____ AVAILABLE RECORDS

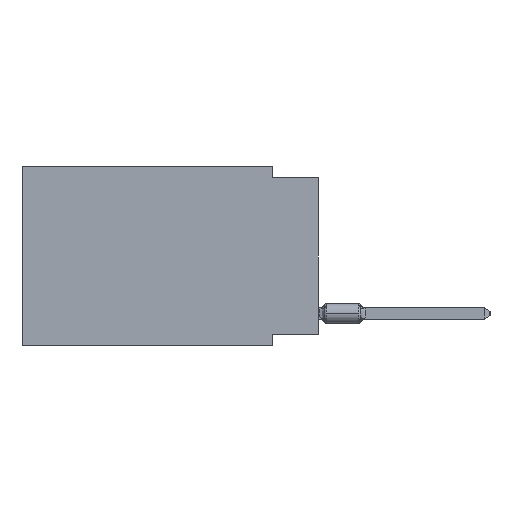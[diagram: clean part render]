
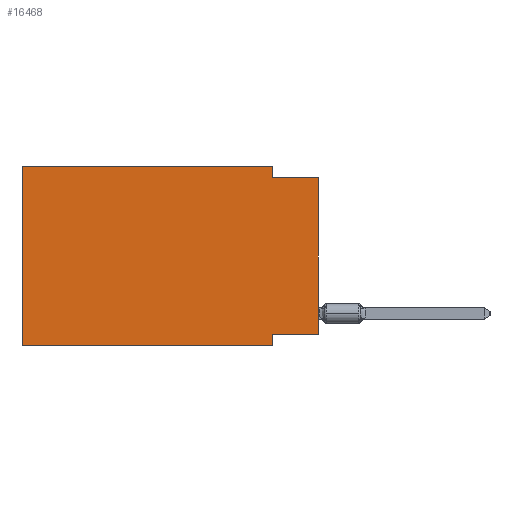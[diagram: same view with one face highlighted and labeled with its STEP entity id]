
A CAD part, left-side view. The second image highlights one B-rep face of the part: STEP entity #16468.
In plain terms, the highlighted planar face has unit normal (-1, 0, 0).
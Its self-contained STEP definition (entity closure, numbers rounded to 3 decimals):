
#1429 = ORIENTED_EDGE ( 'NONE', *, *, #13869, .F. ) ;
#1480 = EDGE_CURVE ( 'NONE', #26069, #17032, #21447, .T. ) ;
#1999 = FACE_OUTER_BOUND ( 'NONE', #13005, .T. ) ;
#2435 = DIRECTION ( 'NONE',  ( 0., 0., -1. ) ) ;
#2850 = EDGE_CURVE ( 'NONE', #8393, #25717, #11000, .T. ) ;
#3305 = ORIENTED_EDGE ( 'NONE', *, *, #23961, .F. ) ;
#3434 = CARTESIAN_POINT ( 'NONE',  ( 0., 0., -0.635 ) ) ;
#3687 = VERTEX_POINT ( 'NONE', #13850 ) ;
#4424 = ORIENTED_EDGE ( 'NONE', *, *, #1480, .T. ) ;
#4514 = CARTESIAN_POINT ( 'NONE',  ( 0., 16.383, 0. ) ) ;
#4655 = LINE ( 'NONE', #13677, #7923 ) ;
#4717 = CARTESIAN_POINT ( 'NONE',  ( 0., 16.383, -9.906 ) ) ;
#5050 = EDGE_CURVE ( 'NONE', #8393, #15261, #16560, .T. ) ;
#6239 = CARTESIAN_POINT ( 'NONE',  ( 0., 16.383, 0. ) ) ;
#6585 = CARTESIAN_POINT ( 'NONE',  ( 0., 2.54, -9.906 ) ) ;
#7616 = CARTESIAN_POINT ( 'NONE',  ( 0., 2.54, -9.906 ) ) ;
#7911 = DIRECTION ( 'NONE',  ( 0., 0., -1. ) ) ;
#7923 = VECTOR ( 'NONE', #20180, 1000. ) ;
#8393 = VERTEX_POINT ( 'NONE', #4717 ) ;
#8477 = VECTOR ( 'NONE', #15091, 1000. ) ;
#9090 = CARTESIAN_POINT ( 'NONE',  ( 0., 2.54, 0. ) ) ;
#9361 = ORIENTED_EDGE ( 'NONE', *, *, #5050, .T. ) ;
#9846 = DIRECTION ( 'NONE',  ( 0., -1., 0. ) ) ;
#10598 = VECTOR ( 'NONE', #10973, 1000. ) ;
#10973 = DIRECTION ( 'NONE',  ( 0., -1., 0. ) ) ;
#11000 = LINE ( 'NONE', #20175, #14948 ) ;
#11019 = PLANE ( 'NONE',  #20129 ) ;
#11770 = LINE ( 'NONE', #23294, #13088 ) ;
#12137 = VECTOR ( 'NONE', #23211, 1000. ) ;
#12884 = CARTESIAN_POINT ( 'NONE',  ( 0., 16.383, 0. ) ) ;
#13005 = EDGE_LOOP ( 'NONE', ( #4424, #24523, #22761, #1429, #28924, #9361, #3305, #16681 ) ) ;
#13088 = VECTOR ( 'NONE', #9846, 1000. ) ;
#13677 = CARTESIAN_POINT ( 'NONE',  ( 0., 0., -9.271 ) ) ;
#13850 = CARTESIAN_POINT ( 'NONE',  ( 0., 2.54, -0.635 ) ) ;
#13869 = EDGE_CURVE ( 'NONE', #25717, #18945, #17492, .T. ) ;
#14856 = LINE ( 'NONE', #7616, #19510 ) ;
#14948 = VECTOR ( 'NONE', #19595, 1000. ) ;
#15091 = DIRECTION ( 'NONE',  ( 0., 0., 1. ) ) ;
#15110 = VECTOR ( 'NONE', #24172, 1000. ) ;
#15261 = VERTEX_POINT ( 'NONE', #6585 ) ;
#15412 = CARTESIAN_POINT ( 'NONE',  ( 0., 2.54, -9.271 ) ) ;
#16468 = ADVANCED_FACE ( 'NONE', ( #1999 ), #11019, .F. ) ;
#16560 = LINE ( 'NONE', #28229, #12137 ) ;
#16681 = ORIENTED_EDGE ( 'NONE', *, *, #17456, .F. ) ;
#17032 = VERTEX_POINT ( 'NONE', #3434 ) ;
#17143 = CARTESIAN_POINT ( 'NONE',  ( 0., 0., -9.271 ) ) ;
#17363 = CARTESIAN_POINT ( 'NONE',  ( 0., 2.54, 0. ) ) ;
#17456 = EDGE_CURVE ( 'NONE', #26069, #28587, #4655, .T. ) ;
#17492 = LINE ( 'NONE', #6239, #10598 ) ;
#18945 = VERTEX_POINT ( 'NONE', #9090 ) ;
#19117 = EDGE_CURVE ( 'NONE', #18945, #3687, #28163, .T. ) ;
#19510 = VECTOR ( 'NONE', #7911, 1000. ) ;
#19595 = DIRECTION ( 'NONE',  ( 0., 0., 1. ) ) ;
#20129 = AXIS2_PLACEMENT_3D ( 'NONE', #4514, #24339, #2435 ) ;
#20175 = CARTESIAN_POINT ( 'NONE',  ( 0., 16.383, 0. ) ) ;
#20180 = DIRECTION ( 'NONE',  ( 0., 1., 0. ) ) ;
#20234 = EDGE_CURVE ( 'NONE', #3687, #17032, #11770, .T. ) ;
#21447 = LINE ( 'NONE', #21598, #8477 ) ;
#21598 = CARTESIAN_POINT ( 'NONE',  ( 0., 0., 0. ) ) ;
#22761 = ORIENTED_EDGE ( 'NONE', *, *, #19117, .F. ) ;
#23211 = DIRECTION ( 'NONE',  ( 0., -1., 0. ) ) ;
#23294 = CARTESIAN_POINT ( 'NONE',  ( 0., 0., -0.635 ) ) ;
#23961 = EDGE_CURVE ( 'NONE', #28587, #15261, #14856, .T. ) ;
#24172 = DIRECTION ( 'NONE',  ( 0., 0., -1. ) ) ;
#24339 = DIRECTION ( 'NONE',  ( 1., 0., 0. ) ) ;
#24523 = ORIENTED_EDGE ( 'NONE', *, *, #20234, .F. ) ;
#25717 = VERTEX_POINT ( 'NONE', #12884 ) ;
#26069 = VERTEX_POINT ( 'NONE', #17143 ) ;
#28163 = LINE ( 'NONE', #17363, #15110 ) ;
#28229 = CARTESIAN_POINT ( 'NONE',  ( 0., 16.383, -9.906 ) ) ;
#28587 = VERTEX_POINT ( 'NONE', #15412 ) ;
#28924 = ORIENTED_EDGE ( 'NONE', *, *, #2850, .F. ) ;

________

§ **YOUR TASK**:
Up to and including the line with "#12137 = VECTOR ( 'NONE', #23211, 1000. ) ;", repeat every line from the top of the entries exactly, but not the pictures.

§ **WRITTEN SOLUTION**:
[diagram: clean part render]
[diagram: same view with one face highlighted and labeled with its STEP entity id]
A CAD part, left-side view. The second image highlights one B-rep face of the part: STEP entity #16468.
In plain terms, the highlighted planar face has unit normal (-1, 0, 0).
Its self-contained STEP definition (entity closure, numbers rounded to 3 decimals):
#1429 = ORIENTED_EDGE ( 'NONE', *, *, #13869, .F. ) ;
#1480 = EDGE_CURVE ( 'NONE', #26069, #17032, #21447, .T. ) ;
#1999 = FACE_OUTER_BOUND ( 'NONE', #13005, .T. ) ;
#2435 = DIRECTION ( 'NONE',  ( 0., 0., -1. ) ) ;
#2850 = EDGE_CURVE ( 'NONE', #8393, #25717, #11000, .T. ) ;
#3305 = ORIENTED_EDGE ( 'NONE', *, *, #23961, .F. ) ;
#3434 = CARTESIAN_POINT ( 'NONE',  ( 0., 0., -0.635 ) ) ;
#3687 = VERTEX_POINT ( 'NONE', #13850 ) ;
#4424 = ORIENTED_EDGE ( 'NONE', *, *, #1480, .T. ) ;
#4514 = CARTESIAN_POINT ( 'NONE',  ( 0., 16.383, 0. ) ) ;
#4655 = LINE ( 'NONE', #13677, #7923 ) ;
#4717 = CARTESIAN_POINT ( 'NONE',  ( 0., 16.383, -9.906 ) ) ;
#5050 = EDGE_CURVE ( 'NONE', #8393, #15261, #16560, .T. ) ;
#6239 = CARTESIAN_POINT ( 'NONE',  ( 0., 16.383, 0. ) ) ;
#6585 = CARTESIAN_POINT ( 'NONE',  ( 0., 2.54, -9.906 ) ) ;
#7616 = CARTESIAN_POINT ( 'NONE',  ( 0., 2.54, -9.906 ) ) ;
#7911 = DIRECTION ( 'NONE',  ( 0., 0., -1. ) ) ;
#7923 = VECTOR ( 'NONE', #20180, 1000. ) ;
#8393 = VERTEX_POINT ( 'NONE', #4717 ) ;
#8477 = VECTOR ( 'NONE', #15091, 1000. ) ;
#9090 = CARTESIAN_POINT ( 'NONE',  ( 0., 2.54, 0. ) ) ;
#9361 = ORIENTED_EDGE ( 'NONE', *, *, #5050, .T. ) ;
#9846 = DIRECTION ( 'NONE',  ( 0., -1., 0. ) ) ;
#10598 = VECTOR ( 'NONE', #10973, 1000. ) ;
#10973 = DIRECTION ( 'NONE',  ( 0., -1., 0. ) ) ;
#11000 = LINE ( 'NONE', #20175, #14948 ) ;
#11019 = PLANE ( 'NONE',  #20129 ) ;
#11770 = LINE ( 'NONE', #23294, #13088 ) ;
#12137 = VECTOR ( 'NONE', #23211, 1000. ) ;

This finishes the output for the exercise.